去中心化與去殖民化往往是一體兩面的,殖民暴力與創傷是前述許多國家館的主題。然而,藝術家的處理方式卻不是嚴肅指控或訴諸悲情,反而以自信、歡樂,甚至戲謔,來顛覆既有的權力關係。美國館西蒙·雷伊(Simone Leigh)的展覽命名為【主權】,以巨大壯觀的尺寸,高貴的姿態,來頌讚黑人女性的身體,同時揭露西方的種族剝削;她將美國館換上了萬國博覽會時代展示殖民地的茅草屋頂,館前巨大的銅雕〈衛星〉中,將女人肖像頭部,將西非傳統用來和祖先靈魂溝通的傳統頭飾D’mba轉換為衛星接收器,讓人會心一笑。博伊斯(Sonia Beuys)的英國館以動人的歌聲自信展現黑人的音樂天賦。法國館藝術家塞迪哈(Zineb Sedira)無所畏懼地穿著鮮豔色彩的衣服舞動身姿。荷蘭/愛沙尼亞館藝術家諾曼(Kristina Norman) 和拉瓦茲(Bita Ravazi)通過對植物研究來指涉荷蘭對印尼的殖民。芬、挪、瑞三位撒米人藝術家菲歐多若夫(Pauliina Feodoroff)、撒拉(Maret Anne Sara)和孫納(Anders Sunna)以繪畫、裝置、歌唱、舞蹈,頌讚撒米人的傳統、宇宙觀、與大自然的關係,敘述他們的抗爭史,揭露歐洲仍持續存在的殖民主義。波蘭館羅姆人藝術家米格拉斯—塔斯(Malgorzata Migras-Tas)借鑑義大利文藝復興時期描繪希臘神祇和田園風光的壁畫,以12件超大尺寸手工刺繡織毯,蓋滿展覽館四面牆壁,拼湊成一幅色彩繽紛、關於羅姆民族歷史與日常生活的史詩故事。
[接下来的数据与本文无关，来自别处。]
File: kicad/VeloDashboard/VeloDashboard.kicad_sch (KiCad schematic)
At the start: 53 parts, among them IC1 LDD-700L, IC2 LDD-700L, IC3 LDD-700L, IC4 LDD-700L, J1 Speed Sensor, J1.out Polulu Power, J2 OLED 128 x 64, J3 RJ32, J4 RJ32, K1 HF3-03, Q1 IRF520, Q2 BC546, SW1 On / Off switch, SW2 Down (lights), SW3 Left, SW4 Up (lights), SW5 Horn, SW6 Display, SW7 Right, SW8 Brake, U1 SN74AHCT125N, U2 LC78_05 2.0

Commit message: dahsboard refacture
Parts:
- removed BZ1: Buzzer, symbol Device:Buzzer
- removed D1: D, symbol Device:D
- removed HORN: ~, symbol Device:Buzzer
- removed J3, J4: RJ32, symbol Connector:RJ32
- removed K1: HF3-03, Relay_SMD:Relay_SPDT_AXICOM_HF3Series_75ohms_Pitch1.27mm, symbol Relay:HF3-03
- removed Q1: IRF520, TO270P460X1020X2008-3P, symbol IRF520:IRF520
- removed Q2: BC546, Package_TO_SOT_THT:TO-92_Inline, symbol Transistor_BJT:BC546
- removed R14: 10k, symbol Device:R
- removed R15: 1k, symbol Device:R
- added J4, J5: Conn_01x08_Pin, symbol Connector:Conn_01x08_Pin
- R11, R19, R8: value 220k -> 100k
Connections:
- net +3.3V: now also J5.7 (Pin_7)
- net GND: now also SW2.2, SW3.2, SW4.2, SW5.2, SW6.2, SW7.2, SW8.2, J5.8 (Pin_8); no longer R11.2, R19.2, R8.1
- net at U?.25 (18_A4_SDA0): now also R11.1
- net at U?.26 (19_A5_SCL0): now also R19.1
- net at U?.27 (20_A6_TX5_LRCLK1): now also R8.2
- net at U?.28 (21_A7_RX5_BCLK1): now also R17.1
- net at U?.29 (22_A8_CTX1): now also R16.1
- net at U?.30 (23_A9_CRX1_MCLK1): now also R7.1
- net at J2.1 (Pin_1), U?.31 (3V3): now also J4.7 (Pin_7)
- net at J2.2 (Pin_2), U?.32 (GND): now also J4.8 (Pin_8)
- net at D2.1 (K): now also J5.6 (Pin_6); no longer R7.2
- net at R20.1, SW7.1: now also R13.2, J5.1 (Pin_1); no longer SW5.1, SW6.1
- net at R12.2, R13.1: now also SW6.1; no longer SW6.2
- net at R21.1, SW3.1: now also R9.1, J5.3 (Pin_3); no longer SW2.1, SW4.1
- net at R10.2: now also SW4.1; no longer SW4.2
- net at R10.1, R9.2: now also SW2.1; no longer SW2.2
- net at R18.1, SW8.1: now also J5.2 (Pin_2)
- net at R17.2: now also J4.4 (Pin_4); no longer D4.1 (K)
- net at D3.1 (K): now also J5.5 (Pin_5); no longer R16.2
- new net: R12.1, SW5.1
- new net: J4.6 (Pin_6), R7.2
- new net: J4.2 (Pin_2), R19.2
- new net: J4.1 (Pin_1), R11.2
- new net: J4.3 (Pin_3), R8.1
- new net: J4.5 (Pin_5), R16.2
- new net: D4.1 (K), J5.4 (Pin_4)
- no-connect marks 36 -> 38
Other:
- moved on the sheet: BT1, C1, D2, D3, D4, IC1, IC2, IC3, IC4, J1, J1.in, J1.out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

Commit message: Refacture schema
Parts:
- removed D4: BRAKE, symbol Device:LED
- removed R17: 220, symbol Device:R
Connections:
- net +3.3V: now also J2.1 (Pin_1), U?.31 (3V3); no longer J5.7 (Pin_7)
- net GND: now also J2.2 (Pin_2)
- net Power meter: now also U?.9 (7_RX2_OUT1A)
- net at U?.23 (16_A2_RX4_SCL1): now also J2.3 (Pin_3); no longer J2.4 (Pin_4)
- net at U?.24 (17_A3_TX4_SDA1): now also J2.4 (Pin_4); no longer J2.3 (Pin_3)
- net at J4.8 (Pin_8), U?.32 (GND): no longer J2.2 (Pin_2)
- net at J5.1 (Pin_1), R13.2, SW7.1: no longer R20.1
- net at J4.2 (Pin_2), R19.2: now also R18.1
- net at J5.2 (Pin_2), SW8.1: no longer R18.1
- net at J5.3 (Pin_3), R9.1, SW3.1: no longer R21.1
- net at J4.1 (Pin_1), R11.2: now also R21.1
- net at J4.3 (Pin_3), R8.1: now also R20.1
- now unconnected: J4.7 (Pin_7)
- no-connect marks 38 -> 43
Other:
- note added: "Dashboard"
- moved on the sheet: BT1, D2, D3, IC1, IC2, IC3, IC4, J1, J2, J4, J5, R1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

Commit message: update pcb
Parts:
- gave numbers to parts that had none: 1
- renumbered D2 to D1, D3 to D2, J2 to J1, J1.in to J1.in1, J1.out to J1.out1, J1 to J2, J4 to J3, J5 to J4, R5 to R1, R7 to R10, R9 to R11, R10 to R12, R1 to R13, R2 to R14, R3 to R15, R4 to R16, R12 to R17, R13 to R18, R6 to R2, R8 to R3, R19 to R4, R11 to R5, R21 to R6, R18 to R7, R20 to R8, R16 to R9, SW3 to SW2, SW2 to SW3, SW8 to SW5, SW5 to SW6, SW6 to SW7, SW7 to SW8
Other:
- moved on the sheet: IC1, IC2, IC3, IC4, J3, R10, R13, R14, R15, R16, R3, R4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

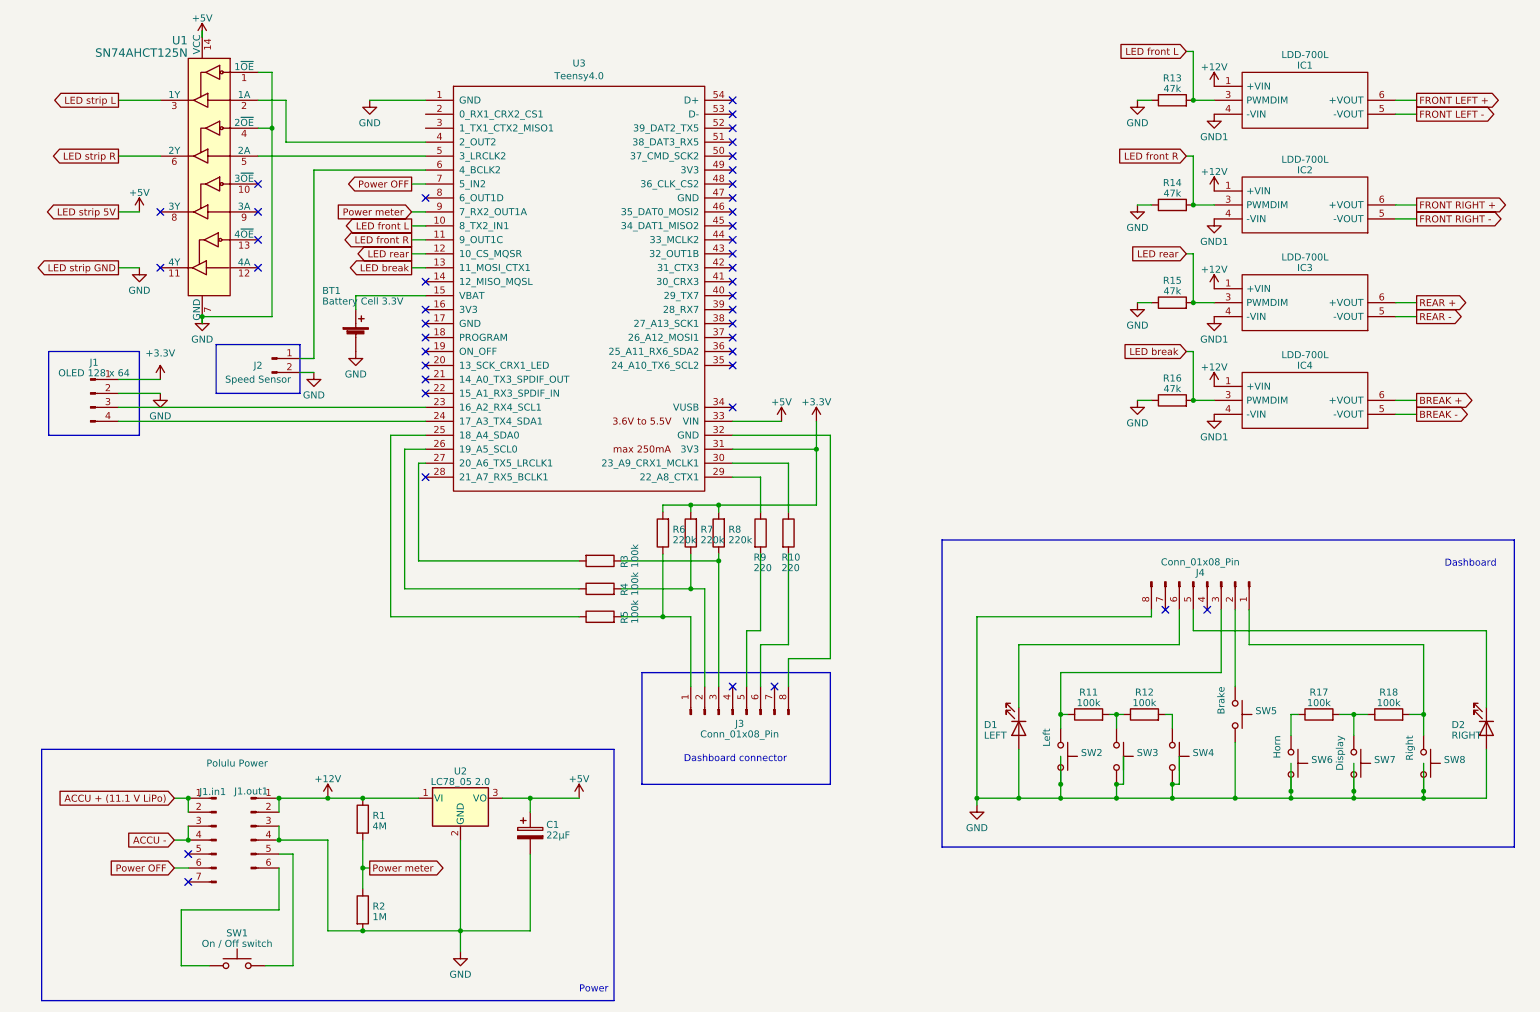
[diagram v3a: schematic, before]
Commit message: added blinker drivers
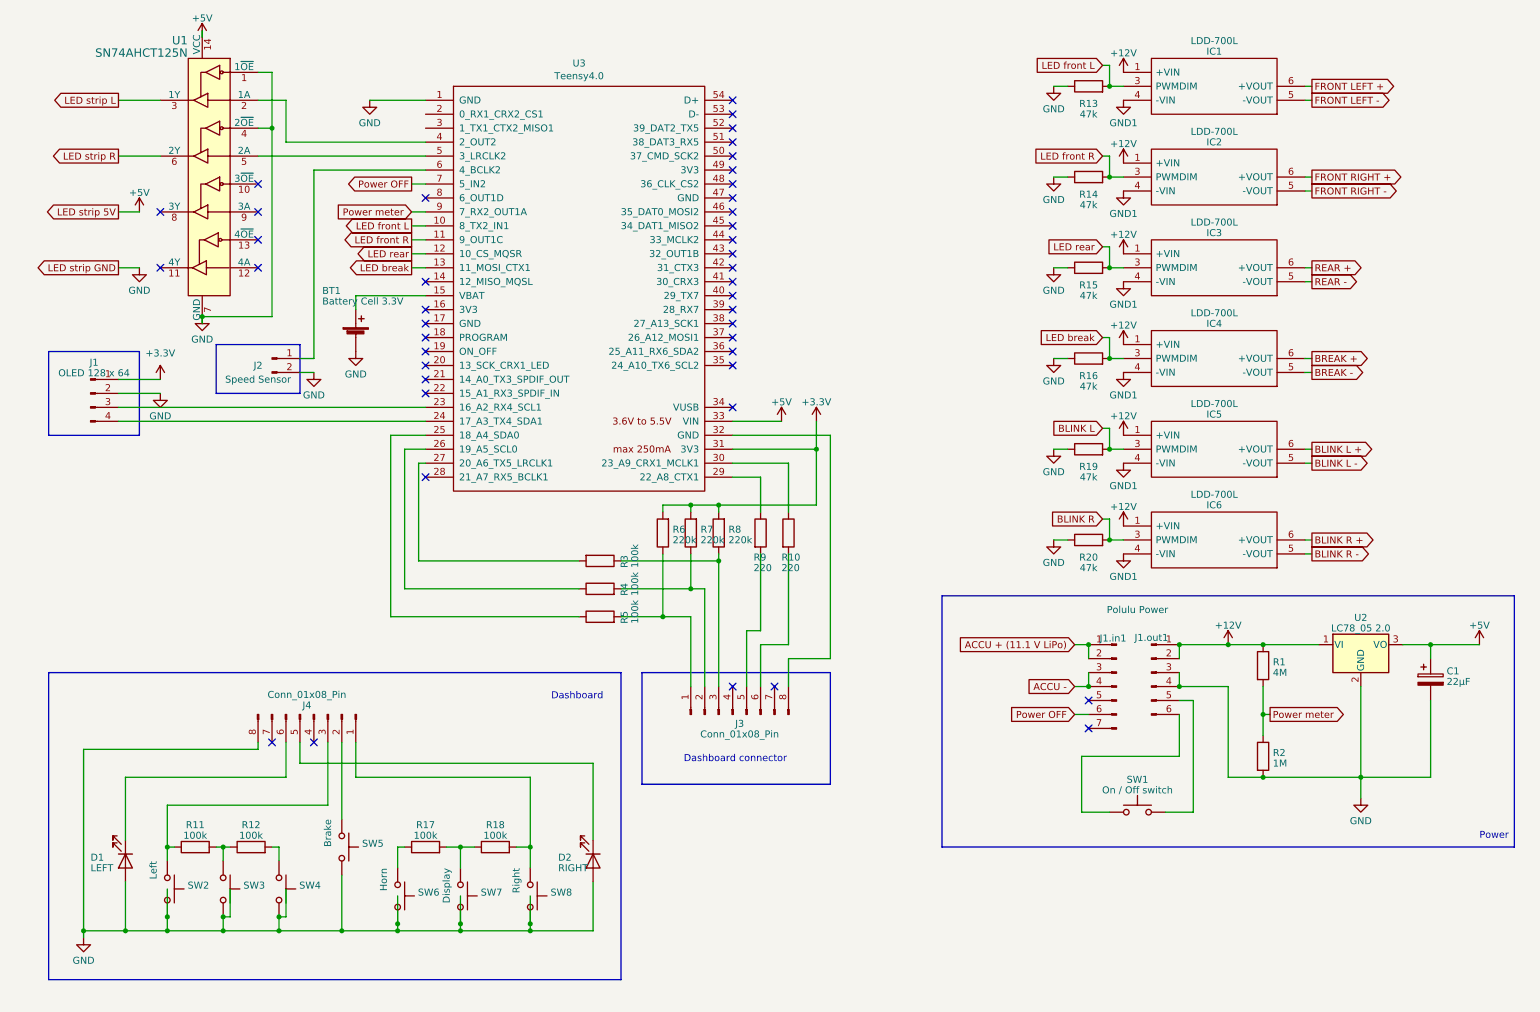
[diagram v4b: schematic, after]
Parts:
- added IC5, IC6: LDD-700L, LDD-XXXL, symbol LDD-700L:LDD-700L
- added R19, R20: 47k, symbol Device:R
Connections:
- net +12V: now also IC5.1 (+VIN), IC6.1 (+VIN)
- net GND: now also R19.1, R20.1
- net GND1: now also IC5.4 (-VIN), IC6.4 (-VIN)
- new net BLINK L: IC5.3 (PWMDIM), R19.2
- new net BLINK L +: IC5.6 (+VOUT)
- new net BLINK L -: IC5.5 (-VOUT)
- new net BLINK R: IC6.3 (PWMDIM), R20.2
- new net BLINK R +: IC6.6 (+VOUT)
- new net BLINK R -: IC6.5 (-VOUT)
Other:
- moved on the sheet: C1, D1, D2, IC1, IC2, IC3, IC4, J1.in1, J1.out1, J4, R1, R11

當然也有藝術家採間接、影射、抽象的敘事手法,如德國館藝術家艾什霍恩(Maria Eichhorn),展廳空無一物,她將地板撬開,露出底下的地基,撥開牆面,露出裡頭的磚塊,藉以召喚這棟1930年代納粹時期建築的幽魂。比利時館藝術家為常居墨西哥的埃利斯(Francis Alÿs),〈遊戲的本質〉是他從1999年至今在世界各地拍攝兒童發明遊戲、一起玩耍的影片,比利時館展出2017年以來的新作,搭配1994-2021年間在各地旅行手繪明信片大小的小畫,透露藝術家以充滿詩意的眼光,見證世界的政治動盪與社會變遷。埃利斯在世界各地紀錄兒童遊戲,不論是跳繩、滾輪胎、玩彈珠,都展現了兒童的創意和堅持、耐力、開放等特質;然而隨著社會變遷,一群小孩在戶外一起遊戲的情景在先進國家已日趨少見,埃利斯彷彿在為一個即將消失的文化建檔。這些充滿童趣和歡樂的影片以微妙而不著痕跡的方式具政治性:拍攝的一些地區經歷著戰爭或是貧窮落後,但兒童仍舊充滿具顛覆力量的想像力、創造力與樂觀精神。相信沒有人不被埃利斯富詩意和真摯童趣的作品所感染和激勵,喚起了每個人自己的童年回憶。然而,幾乎所有人也都清楚,埃利斯的作品再好也不可能得獎——因為他是白人、男性······
台灣館【不可能的夢】,威尼斯普里奇歐尼宮,2022年4月23日–11月27日。